#### Exercise aim:
Record by record, write out the listing word for word while omitting pictures.

#### Supplied data:
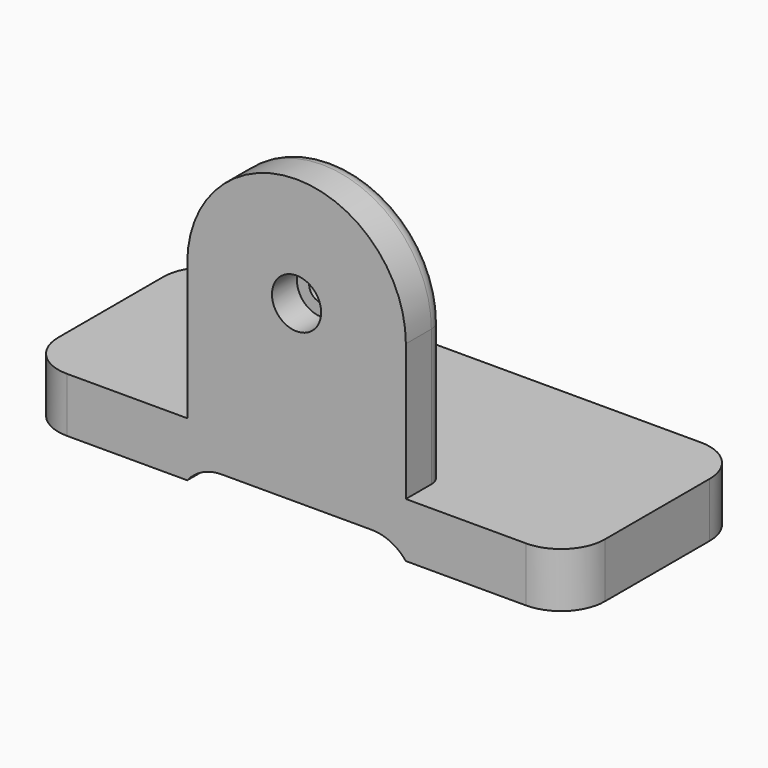
from build123d import *

# Parameters (mm, degrees)
F0_W         = 100
F0_H         = 40
F1_DEPTH     = 10
F3_DEPTH     = 8.82827
F4_W         = 40
F4_H         = 3
F5_DEPTH     = 40.001
F6_R         = 2.25
F7_DEPTH     = 40.001
F8_R         = 4.5
F9_DEPTH     = 5.7
F10_T1_DEPTH = 40
F10_T3_DEPTH = 50
F10_T5_DEPTH = 50
F10_T7_DEPTH = 50
F10_T9_DEPTH = 50
F11_T1_DEPTH = 40
F12_R        = 3


# Not quite as in the source:
# - a fillet or chamfer that OpenCascade refuses, or shapes differently, is made with other operations: its cross-section is extruded or revolved along the edge and cut away or added


with BuildPart() as f1:
    # F0 (on Top) → F1 (new body)
    with BuildSketch(Plane.XY):
        with Locations((-50, 20)):
            Rectangle(F0_W, F0_H)
    extrude(amount=F1_DEPTH)

    # F2 (on face) → F3 (join)
    with BuildSketch(Plane.XZ):
        with BuildLine():
            ThreePointArc((-30, 35), (-50, 55), (-70, 35))
            Line((-70, 35), (-70, 0))
            Line((-70, 0), (-30, 0))
            Line((-30, 0), (-30, 35))
        make_face()
    extrude(amount=-F3_DEPTH)

    # F4 (on Front) → F5 (cut, through all)
    with BuildSketch(Plane.XZ):
        with Locations((-50, 1.5)):
            Rectangle(F4_W, F4_H)
    extrude(amount=-F5_DEPTH, mode=Mode.SUBTRACT)

    # F6 (on face) → F7 (cut, through all)
    with BuildSketch(Plane.XZ):
        with Locations((-50, 35)):
            Circle(F6_R)
    extrude(amount=-F7_DEPTH, mode=Mode.SUBTRACT)

    # F8 (on face) → F9 (cut)
    with BuildSketch(Plane.XZ):
        with Locations((-50, 35)):
            Circle(F8_R)
    extrude(amount=-F9_DEPTH, mode=Mode.SUBTRACT)

    # F10: fillet of radius 8 on 5 edges, made by hand

    # F10_s2 → F10_t1 (join)
    with BuildSketch(Plane.XZ.offset(-40)):
        with BuildLine():
            ThreePointArc((-36.2449979984, 3), (-32.7808963833, 2.2111025509), (-30, 0))
            Line((-30, 0), (-30, 3))
            Line((-30, 3), (-36.2449979984, 3))
        make_face()
    extrude(amount=F10_T1_DEPTH)

    # F10_s4 → F10_t3 (cut)
    with BuildSketch(Plane.XY.offset(-20)):
        with BuildLine():
            ThreePointArc((-92, 0), (-97.6568542495, 2.3431457505), (-100, 8))
            Line((-100, 8), (-100, 0))
            Line((-100, 0), (-92, 0))
        make_face()
    extrude(amount=F10_T3_DEPTH, mode=Mode.SUBTRACT)

    # F10_s6 → F10_t5 (cut)
    with BuildSketch(Plane.XY.offset(-20)):
        with BuildLine():
            ThreePointArc((-8, 0), (-2.3431457505, 2.3431457505), (0, 8))
            Line((0, 8), (0, 0))
            Line((0, 0), (-8, 0))
        make_face()
    extrude(amount=F10_T5_DEPTH, mode=Mode.SUBTRACT)

    # F10_s8 → F10_t7 (cut)
    with BuildSketch(Plane.XY.offset(-20)):
        with BuildLine():
            ThreePointArc((-100, 32), (-97.6568542495, 37.6568542495), (-92, 40))
            Line((-92, 40), (-100, 40))
            Line((-100, 40), (-100, 32))
        make_face()
    extrude(amount=F10_T7_DEPTH, mode=Mode.SUBTRACT)

    # F10_s10 → F10_t9 (cut)
    with BuildSketch(Plane.XY.offset(-20)):
        with BuildLine():
            ThreePointArc((-8, 40), (-2.3431457505, 37.6568542495), (0, 32))
            Line((0, 32), (0, 40))
            Line((0, 40), (-8, 40))
        make_face()
    extrude(amount=F10_T9_DEPTH, mode=Mode.SUBTRACT)

    # F11: fillet of radius 8 on 1 edges, made by hand

    # F11_s2 → F11_t1 (join)
    with BuildSketch(Plane.XZ.offset(-40)):
        with BuildLine():
            ThreePointArc((-70, 0), (-67.2191036167, 2.2111025509), (-63.7550020016, 3))
            Line((-63.7550020016, 3), (-70, 3))
            Line((-70, 3), (-70, 0))
        make_face()
    extrude(amount=F11_T1_DEPTH)

    # F12
    f12_edges = [f1.edges().sort_by_distance(p)[0] for p in [
        (-50, 8.82827, 55),
        (-30, 8.82827, 22.5),
        (-70, 8.82827, 22.5),
    ]]
    fillet(f12_edges, radius=F12_R)


solid = f1.part

#### Expected output:
from build123d import *

# Parameters (mm, degrees)
F0_W         = 100
F0_H         = 40
F1_DEPTH     = 10
F3_DEPTH     = 8.82827
F4_W         = 40
F4_H         = 3
F5_DEPTH     = 40.001
F6_R         = 2.25
F7_DEPTH     = 40.001
F8_R         = 4.5
F9_DEPTH     = 5.7
F10_T1_DEPTH = 40
F10_T3_DEPTH = 50
F10_T5_DEPTH = 50
F10_T7_DEPTH = 50
F10_T9_DEPTH = 50
F11_T1_DEPTH = 40
F12_R        = 3


# Not quite as in the source:
# - a fillet or chamfer that OpenCascade refuses, or shapes differently, is made with other operations: its cross-section is extruded or revolved along the edge and cut away or added


with BuildPart() as f1:
    # F0 (on Top) → F1 (new body)
    with BuildSketch(Plane.XY):
        with Locations((-50, 20)):
            Rectangle(F0_W, F0_H)
    extrude(amount=F1_DEPTH)

    # F2 (on face) → F3 (join)
    with BuildSketch(Plane.XZ):
        with BuildLine():
            ThreePointArc((-30, 35), (-50, 55), (-70, 35))
            Line((-70, 35), (-70, 0))
            Line((-70, 0), (-30, 0))
            Line((-30, 0), (-30, 35))
        make_face()
    extrude(amount=-F3_DEPTH)

    # F4 (on Front) → F5 (cut, through all)
    with BuildSketch(Plane.XZ):
        with Locations((-50, 1.5)):
            Rectangle(F4_W, F4_H)
    extrude(amount=-F5_DEPTH, mode=Mode.SUBTRACT)

    # F6 (on face) → F7 (cut, through all)
    with BuildSketch(Plane.XZ):
        with Locations((-50, 35)):
            Circle(F6_R)
    extrude(amount=-F7_DEPTH, mode=Mode.SUBTRACT)

    # F8 (on face) → F9 (cut)
    with BuildSketch(Plane.XZ):
        with Locations((-50, 35)):
            Circle(F8_R)
    extrude(amount=-F9_DEPTH, mode=Mode.SUBTRACT)

    # F10: fillet of radius 8 on 5 edges, made by hand

    # F10_s2 → F10_t1 (join)
    with BuildSketch(Plane.XZ.offset(-40)):
        with BuildLine():
            ThreePointArc((-36.2449979984, 3), (-32.7808963833, 2.2111025509), (-30, 0))
            Line((-30, 0), (-30, 3))
            Line((-30, 3), (-36.2449979984, 3))
        make_face()
    extrude(amount=F10_T1_DEPTH)

    # F10_s4 → F10_t3 (cut)
    with BuildSketch(Plane.XY.offset(-20)):
        with BuildLine():
            ThreePointArc((-92, 0), (-97.6568542495, 2.3431457505), (-100, 8))
            Line((-100, 8), (-100, 0))
            Line((-100, 0), (-92, 0))
        make_face()
    extrude(amount=F10_T3_DEPTH, mode=Mode.SUBTRACT)

    # F10_s6 → F10_t5 (cut)
    with BuildSketch(Plane.XY.offset(-20)):
        with BuildLine():
            ThreePointArc((-8, 0), (-2.3431457505, 2.3431457505), (0, 8))
            Line((0, 8), (0, 0))
            Line((0, 0), (-8, 0))
        make_face()
    extrude(amount=F10_T5_DEPTH, mode=Mode.SUBTRACT)

    # F10_s8 → F10_t7 (cut)
    with BuildSketch(Plane.XY.offset(-20)):
        with BuildLine():
            ThreePointArc((-100, 32), (-97.6568542495, 37.6568542495), (-92, 40))
            Line((-92, 40), (-100, 40))
            Line((-100, 40), (-100, 32))
        make_face()
    extrude(amount=F10_T7_DEPTH, mode=Mode.SUBTRACT)

    # F10_s10 → F10_t9 (cut)
    with BuildSketch(Plane.XY.offset(-20)):
        with BuildLine():
            ThreePointArc((-8, 40), (-2.3431457505, 37.6568542495), (0, 32))
            Line((0, 32), (0, 40))
            Line((0, 40), (-8, 40))
        make_face()
    extrude(amount=F10_T9_DEPTH, mode=Mode.SUBTRACT)

    # F11: fillet of radius 8 on 1 edges, made by hand

    # F11_s2 → F11_t1 (join)
    with BuildSketch(Plane.XZ.offset(-40)):
        with BuildLine():
            ThreePointArc((-70, 0), (-67.2191036167, 2.2111025509), (-63.7550020016, 3))
            Line((-63.7550020016, 3), (-70, 3))
            Line((-70, 3), (-70, 0))
        make_face()
    extrude(amount=F11_T1_DEPTH)

    # F12
    f12_edges = [f1.edges().sort_by_distance(p)[0] for p in [
        (-50, 8.82827, 55),
        (-30, 8.82827, 22.5),
        (-70, 8.82827, 22.5),
    ]]
    fillet(f12_edges, radius=F12_R)


solid = f1.part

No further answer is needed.